Nicholas John Maragakis, MD, Director, ALS Center for Cell Therapy and Regeneration Research, Professor of Neurology at Johns Hopkins Medicine. In this video, he speaks about Johns Hopkins Researchers Identify a Potential Window for Treating ALS, as well as, some cancers.
Amyotrophic lateral sclerosis (ALS) is a neurological condition that affects up to 30,000 people in the United States each year, with 5,000 new cases reported. It gradually weakens muscles, impairing physical function and eventually leading to death. The condition has no single cause and no recognized remedy. However, Johns Hopkins Medicine researchers have discovered a potential window of opportunity during ALS treatment to target astrocyte abnormalities – a subtype of central nervous system cells that provide a structure to physiologically maintain neurons and fine-tune neuron network transmission.
The researchers believe that astrocytes have an active role in the death of motor neurons, which are cells in the brain and spinal cord that allow people to move, speak, swallow, and breathe by transmitting orders from the brain to the muscles that perform these actions.
Researchers analyzed brain and spinal cord tissues from ALS patients in their study, which was published March 21 in the Proceedings of the National Academy of Sciences of the United States of America, and discovered that a specific astrocyte protein, connexin 43, acts as an open pore that sends toxic factors from the astrocytes to the motor neurons. The pore was especially active in ALS patients with a familial history of the disease and those who got the condition sporadically.
The researchers were also able to create stem cell lines from ALS patients and grow them into astrocytes. They discovered that these astrocytes caused motor neuron apoptosis via hemichannels (proteins that provide pathways for the movement of molecules among cells).
According to Maragakis, medicines that can block this hemichannel are being researched.

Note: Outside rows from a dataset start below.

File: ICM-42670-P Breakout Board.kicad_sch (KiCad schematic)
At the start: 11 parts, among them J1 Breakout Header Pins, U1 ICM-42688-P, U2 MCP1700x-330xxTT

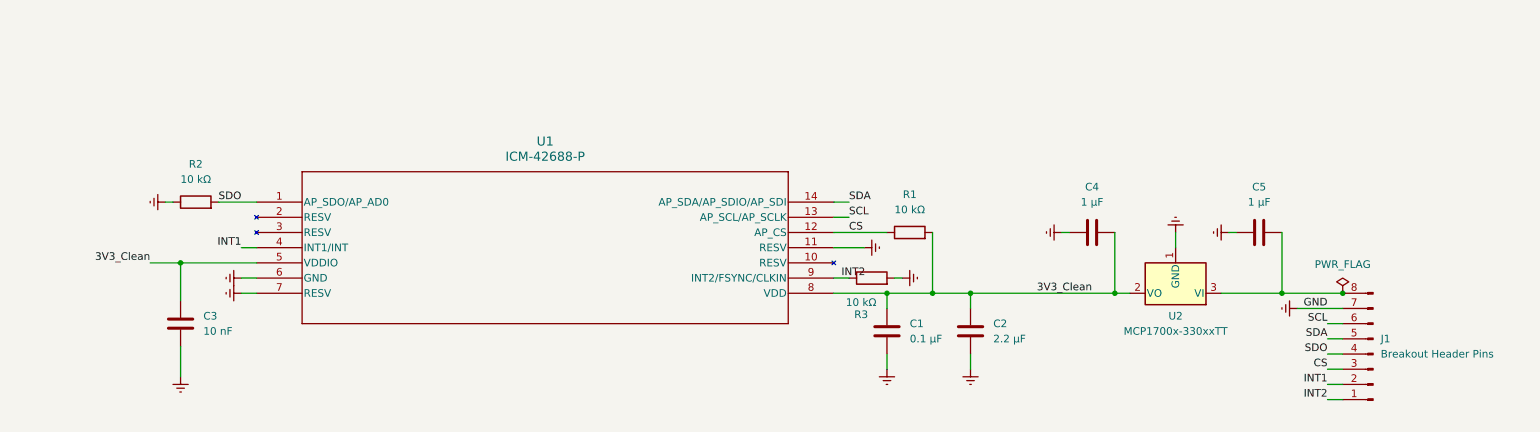
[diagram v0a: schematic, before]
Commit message: Swaped 42688 Sensor for 42670 added Conn_01x9
Swaped 42688 Sensor for 42670 added Conn_01x9

conn_01x9 Includes footprint
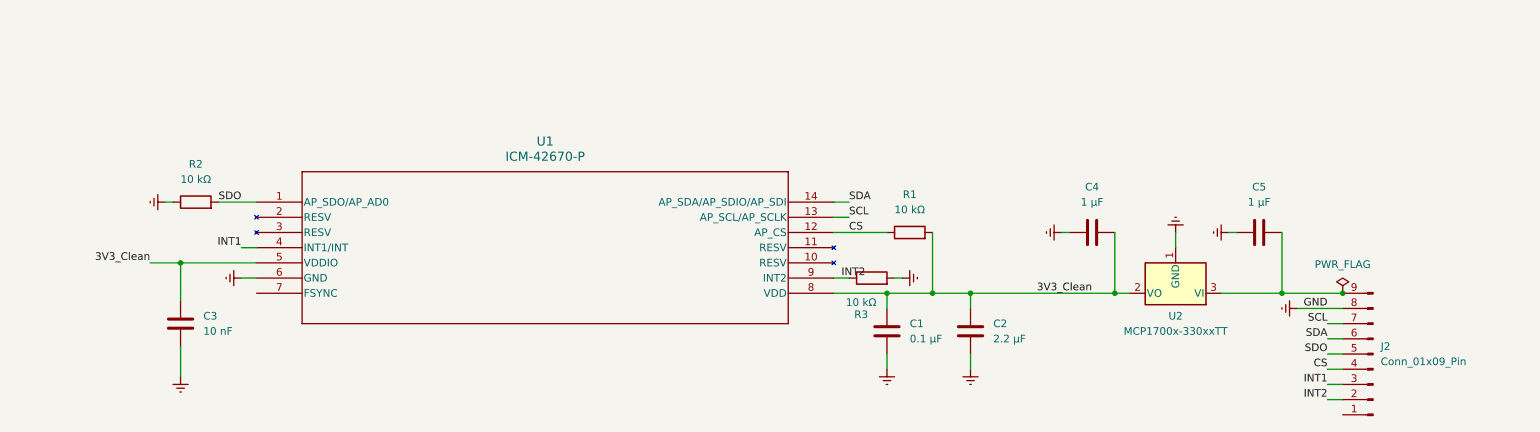
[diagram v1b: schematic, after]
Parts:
- removed J1: Breakout Header Pins, symbol Connector:Conn_01x08_Pin
- removed U1: ICM-42688-P, LGA14_2P5X3X0P91_TDK, symbol 2026-03-06_23-32-59:ICM-42688-P
- added J2: Conn_01x09_Pin, Connector_PinHeader_2.54mm:PinHeader_1x09_P2.54mm_Vertical, symbol Connector:Conn_01x09_Pin
- added U1: ICM-42670-P, LGA14_2.5X3X0.76_IVS, symbol ICM-42670-P:ICM-42670-P
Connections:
- net 3V3_Clean: now also U1.5 (VDDIO), U1.8 (VDD)
- net CS: now also J2.4 (Pin_4), U1.12 (AP_CS)
- net GND: now also J2.8 (Pin_8), U1.6 (GND)
- net INT1: now also J2.3 (Pin_3), U1.4 (INT1/INT)
- net INT2: now also J2.2 (Pin_2), U1.9 (INT2)
- net SCL: now also J2.7 (Pin_7), U1.13 (AP_SCL/AP_SCLK)
- net SDA: now also J2.6 (Pin_6), U1.14 (AP_SDA/AP_SDIO/AP_SDI)
- net SDO: now also J2.5 (Pin_5), U1.1 (AP_SDO/AP_AD0)
- net at C5.2, U2.3 (VI): now also J2.9 (Pin_9)
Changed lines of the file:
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@@
 	(paper "A4")
+	(junction
+		(at 241.3 101.6)
+		(diameter 0)
+		(color 0 0 0 0)
+	)
 	(junction
 		(at 165.1 101.6)
@@
 	)
 	(junction
-		(at 241.3 101.6)
-		(diameter 0)
-		(color 0 0 0 0)
-	)
-	(junction
 		(at 46.99 96.52)
 		(diameter 0)
@@
 	(wire
 		(pts
-			(xy 57.15 101.6) (xy 59.69 101.6)
-		)
-		(stroke
-			(width 0)
-			(type default)
-		)
-	)
-	(wire
-		(pts
 			(xy 233.68 104.14) (xy 241.3 104.14)
 		)
@@
 		(pts
 			(xy 44.45 86.36) (xy 45.72 86.36)
-		)
-		(stroke
-			(width 0)
-			(type default)
-		)
-	)
-	(wire
-		(pts
-			(xy 156.21 93.98) (xy 161.29 93.98)
 		)
 		(stroke
@@
 	)
 	(symbol
-		(lib_id "power:Earth")
-		(at 161.29 93.98 90)
+		(lib_id "Connector:Conn_01x09_Pin")
+		(at 246.38 111.76 180)
 		(unit 1)
 		(exclude_from_sim no)
@@
 		(dnp no)
 		(fields_autoplaced yes)
-		(property "Reference" "#PWR013"
-			(at 167.64 93.98 0)
-			(effects
-				(font
-					(size 1.27 1.27)
-				)
-				(hide yes)
-			)
-		)
-		(property "Value" "GND"
-			(at 165.1 93.9799 90)
+		(property "Reference" "J2"
+			(at 247.65 110.4899 0)
 			(effects
 				(font
@@
 				)
 				(justify right)
-				(hide yes)
-			)
-		)
-		(property "Footprint" ""
-			(at 161.29 93.98 0)
+			)
+		)
+		(property "Value" "Conn_01x09_Pin"
+			(at 247.65 113.0299 0)
+			(effects
+				(font
+					(size 1.27 1.27)
+				)
+				(justify right)
+			)
+		)
+		(property "Footprint" "Connector_PinHeader_2.54mm:PinHeader_1x09_P2.54mm_Vertical"
+			(at 246.38 111.76 0)
 			(effects
 				(font
@@
 		)
 		(property "Datasheet" "~"
-			(at 161.29 93.98 0)
-			(effects
-				(font
-					(size 1.27 1.27)
-				)
-				(hide yes)
-			)
-		)
-		(property "Description" "Power symbol creates a global label with name \"Earth\""
-			(at 161.29 93.98 0)
-			(effects
-				(font
-					(size 1.27 1.27)
-				)
-				(hide yes)
-			)
+			(at 246.38 111.76 0)
+			(effects
+				(font
+					(size 1.27 1.27)
+				)
+				(hide yes)
+			)
+		)
+		(property "Description" "Generic connector, single row, 01x09, script generated"
+			(at 246.38 111.76 0)
+			(effects
+				(font
+					(size 1.27 1.27)
+				)
+				(hide yes)
+			)
+		)
+		(pin "3"
+		)
+		(pin "6"
+		)
+		(pin "5"
+		)
+		(pin "7"
+		)
+		(pin "9"
+		)
+		(pin "4"
 		)
 		(pin "1"
+		)
+		(pin "8"
+		)
+		(pin "2"
 		)
 		(instances
 			(project ""
 				(path "/46f757aa-f0ff-4bf0-8e74-16936fa9d7c2"
-					(reference "#PWR013")
+					(reference "J2")
 					(unit 1)
 				)
@@
 	(symbol
 		(lib_id "power:Earth")
-		(at 57.15 101.6 270)
-		(unit 1)
-		(exclude_from_sim no)
-		(in_bom yes)
-		(on_board yes)
-		(dnp no)
-		(fields_autoplaced yes)
-		(property "Reference" "#PWR05"
-			(at 50.8 101.6 0)
-			(effects
-				(font
-					(size 1.27 1.27)
-				)
-				(hide yes)
-			)
-		)
-		(property "Value" "GND"
-			(at 53.34 101.5999 90)
-			(effects
-				(font
-					(size 1.27 1.27)
-				)
-				(justify right)
-				(hide yes)
-			)
-		)
-		(property "Footprint" ""
-			(at 57.15 101.6 0)
-			(effects
-				(font
-					(size 1.27 1.27)
-				)
-				(hide yes)
-			)
-		)
-		(property "Datasheet" "~"
-			(at 57.15 101.6 0)
-			(effects
-				(font
-					(size 1.27 1.27)
-				)
-				(hide yes)
-			)
-		)
-		(property "Description" "Power symbol creates a global label with name \"Earth\""
-			(at 57.15 101.6 0)
-			(effects
-				(font
-					(size 1.27 1.27)
-				)
-				(hide yes)
-			)
-		)
-		(pin "1"
-		)
-		(instances
-			(project "ICM-42688-P Breakout Board"
-				(path "/46f757aa-f0ff-4bf0-8e74-16936fa9d7c2"
-					(reference "#PWR05")
-					(unit 1)
-				)
-			)
-		)
-	)
-	(symbol
-		(lib_id "power:Earth")
 		(at 46.99 115.57 0)
 		(unit 1)
@@
 	)
 	(symbol
-		(lib_id "2026-03-06_23-32-59:ICM-42688-P")
-		(at 59.69 86.36 0)
-		(unit 1)
-		(exclude_from_sim no)
-		(in_bom yes)
-		(on_board yes)
-		(dnp no)
-		(fields_autoplaced yes)
-		(property "Reference" "U1"
-			(at 107.95 76.2 0)
-			(effects
-				(font
-					(size 1.524 1.524)
-				)
-			)
-		)
-		(property "Value" "ICM-42688-P"
-			(at 107.95 78.74 0)
-			(effects
-				(font
-					(size 1.524 1.524)
-				)
-			)
-		)
-		(property "Footprint" "LGA14_2P5X3X0P91_TDK"
-			(at 59.69 86.36 0)
-			(effects
-				(font
-					(size 1.27 1.27)
-					(italic yes)
-				)
-				(hide yes)
-			)
-		)
-		(property "Datasheet" "ICM-42688-P"
-			(at 59.69 86.36 0)
-			(effects
-				(font
-					(size 1.27 1.27)
-					(italic yes)
-				)
-				(hide yes)
-			)
-		)
-		(property "Description" ""
-			(at 59.69 86.36 0)
-			(effects
-				(font
-					(size 1.27 1.27)
-				)
-				(hide yes)
-			)
-		)
-		(pin "12"
-		)
-		(pin "9"
-		)
-		(pin "1"
-		)
-		(pin "7"
-		)
-		(pin "5"
-		)
-		(pin "3"
-		)
-		(pin "4"
-		)
-		(pin "2"
-		)
-		(pin "6"
-		)
-		(pin "14"
-		)
-		(pin "13"
-		)
-		(pin "11"
-		)
-		(pin "10"
-		)
-		(pin "8"
-		)
-		(instances
-			(project ""
-				(path "/46f757aa-f0ff-4bf0-8e74-16936fa9d7c2"
-					(reference "U1")
-					(unit 1)
-				)
-			)
-		)
-	)
-	(symbol
 		(lib_id "power:Earth")
 		(at 44.45 86.36 270)
@@
 	)
 	(symbol
-		(lib_id "Connector:Conn_01x08_Pin")
-		(at 246.38 111.76 180)
+		(lib_id "ICM-42670-P:ICM-42670-P")
+		(at 59.69 86.36 0)
 		(unit 1)
 		(exclude_from_sim no)
@@
 		(dnp no)
 		(fields_autoplaced yes)
-		(property "Reference" "J1"
-			(at 247.65 109.2199 0)
-			(effects
-				(font
-					(size 1.27 1.27)
-				)
-				(justify right)
-			)
-		)
-		(property "Value" "Breakout Header Pins"
-			(at 247.65 111.7599 0)
-			(effects
-				(font
-					(size 1.27 1.27)
-				)
-				(justify right)
-			)
-		)
-		(property "Footprint" ""
-			(at 246.38 111.76 0)
-			(effects
-				(font
-					(size 1.27 1.27)
-				)
-				(hide yes)
-			)
-		)
-		(property "Datasheet" "~"
-			(at 246.38 111.76 0)
-			(effects
-				(font
-					(size 1.27 1.27)
-				)
-				(hide yes)
-			)
-		)
-		(property "Description" "Generic connector, single row, 01x08, script generated"
-			(at 246.38 111.76 0)
-			(effects
-				(font
-					(size 1.27 1.27)
-				)
-				(hide yes)
-			)
+		(property "Reference" "U1"
+			(at 107.95 76.2 0)
+			(effects
+				(font
+					(size 1.524 1.524)
+				)
+			)
+		)
+		(property "Value" "ICM-42670-P"
+			(at 107.95 78.74 0)
+			(effects
+				(font
+					(size 1.524 1.524)
+				)
+			)
+		)
+		(property "Footprint" "LGA14_2.5X3X0.76_IVS"
+			(at 59.69 86.36 0)
+			(effects
+				(font
+					(size 1.27 1.27)
+					(italic yes)
+				)
+				(hide yes)
+			)
+		)
+		(property "Datasheet" "ICM-42670-P"
+			(at 59.69 86.36 0)
+			(effects
+				(font
+					(size 1.27 1.27)
+					(italic yes)
+				)
+				(hide yes)
+			)
+		)
+		(property "Description" ""
+			(at 59.69 86.36 0)
+			(effects
+				(font
+					(size 1.27 1.27)
+				)
+				(hide yes)
+			)
+		)
+		(pin "1"
+		)
+		(pin "7"
+		)
+		(pin "5"
+		)
+		(pin "4"
+		)
+		(pin "12"
+		)
+		(pin "11"
+		)
+		(pin "9"
+		)
+		(pin "13"
+		)
+		(pin "10"
+		)
+		(pin "8"
 		)
 		(pin "3"
 		)
-		(pin "8"
-		)
-		(pin "5"
-		)
 		(pin "6"
 		)
-		(pin "1"
+		(pin "14"
 		)
 		(pin "2"
-		)
-		(pin "4"
-		)
-		(pin "7"
 		)
 		(instances
 			(project ""
 				(path "/46f757aa-f0ff-4bf0-8e74-16936fa9d7c2"
-					(reference "J1")
+					(reference "U1")
 					(unit 1)
 				)

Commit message: Wired FSYNC with Pull down ground
Wired FSYNC with Pull down ground
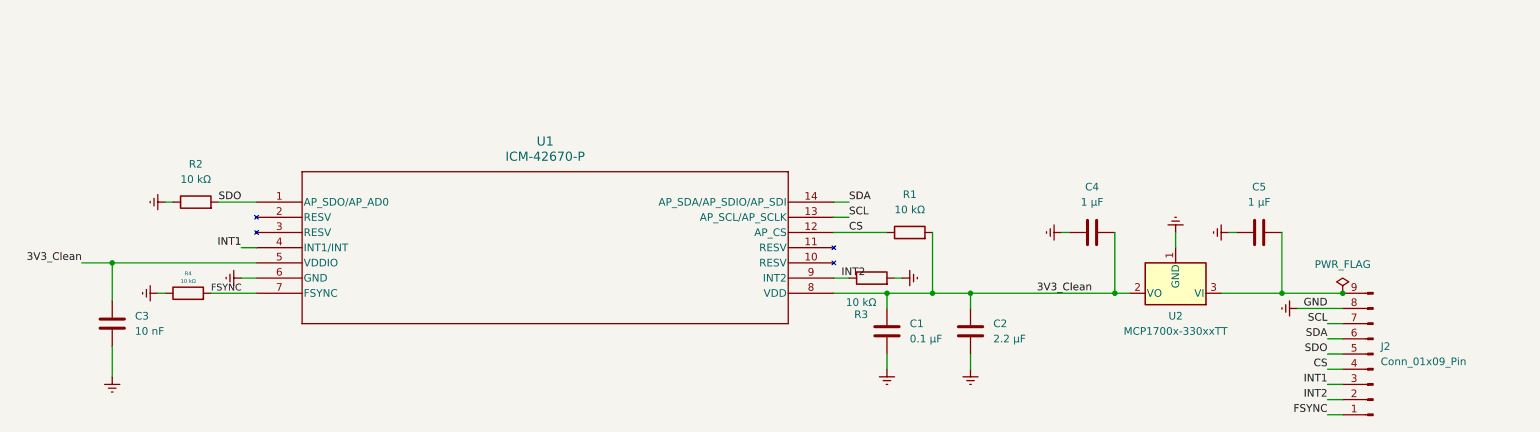
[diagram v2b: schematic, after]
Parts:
- added R4: 10 kΩ, symbol Device:R
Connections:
- net GND: now also R4.1
- net FSYNC: now reaches J2.1 (Pin_1)
- net FSYNC: now also U1.7 (FSYNC), R4.2
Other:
- moved on the sheet: C3
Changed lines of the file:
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@@
 	)
 	(junction
-		(at 46.99 96.52)
+		(at 35.56 96.52)
 		(diameter 0)
 		(color 0 0 0 0)
@@
 	(wire
 		(pts
-			(xy 46.99 96.52) (xy 46.99 102.87)
+			(xy 35.56 96.52) (xy 35.56 102.87)
 		)
 		(stroke
@@
 	(wire
 		(pts
-			(xy 41.91 96.52) (xy 46.99 96.52)
+			(xy 30.48 96.52) (xy 35.56 96.52)
+		)
+		(stroke
+			(width 0)
+			(type default)
+		)
+	)
+	(wire
+		(pts
+			(xy 43.18 101.6) (xy 44.45 101.6)
 		)
 		(stroke
@@
 	(wire
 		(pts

His team demonstrated that tonabersat, a medication originally developed to treat migraine and epilepsy, could inhibit astrocyte-induced motor neuron death in human ALS stem cell lines and animal models during the study.
According to Maragakis, this work adds to the growing body of data showing astrocytes play a role in the spread of ALS. The team will then try to figure out why this hemichannel is especially active in ALS astrocytes, which will give them a better knowledge of how the disease progresses. Maragakis believes it is equally important because it advances his team's efforts to develop new medications that might block this specific hemichannel, perhaps serving as future ALS therapies.
The ALS Association, the Maryland Stem Cell Research Fund, the Robert Packard Center for ALS Research at Johns Hopkins, the United States Department of Defense, and the National Institutes of Health supported the research.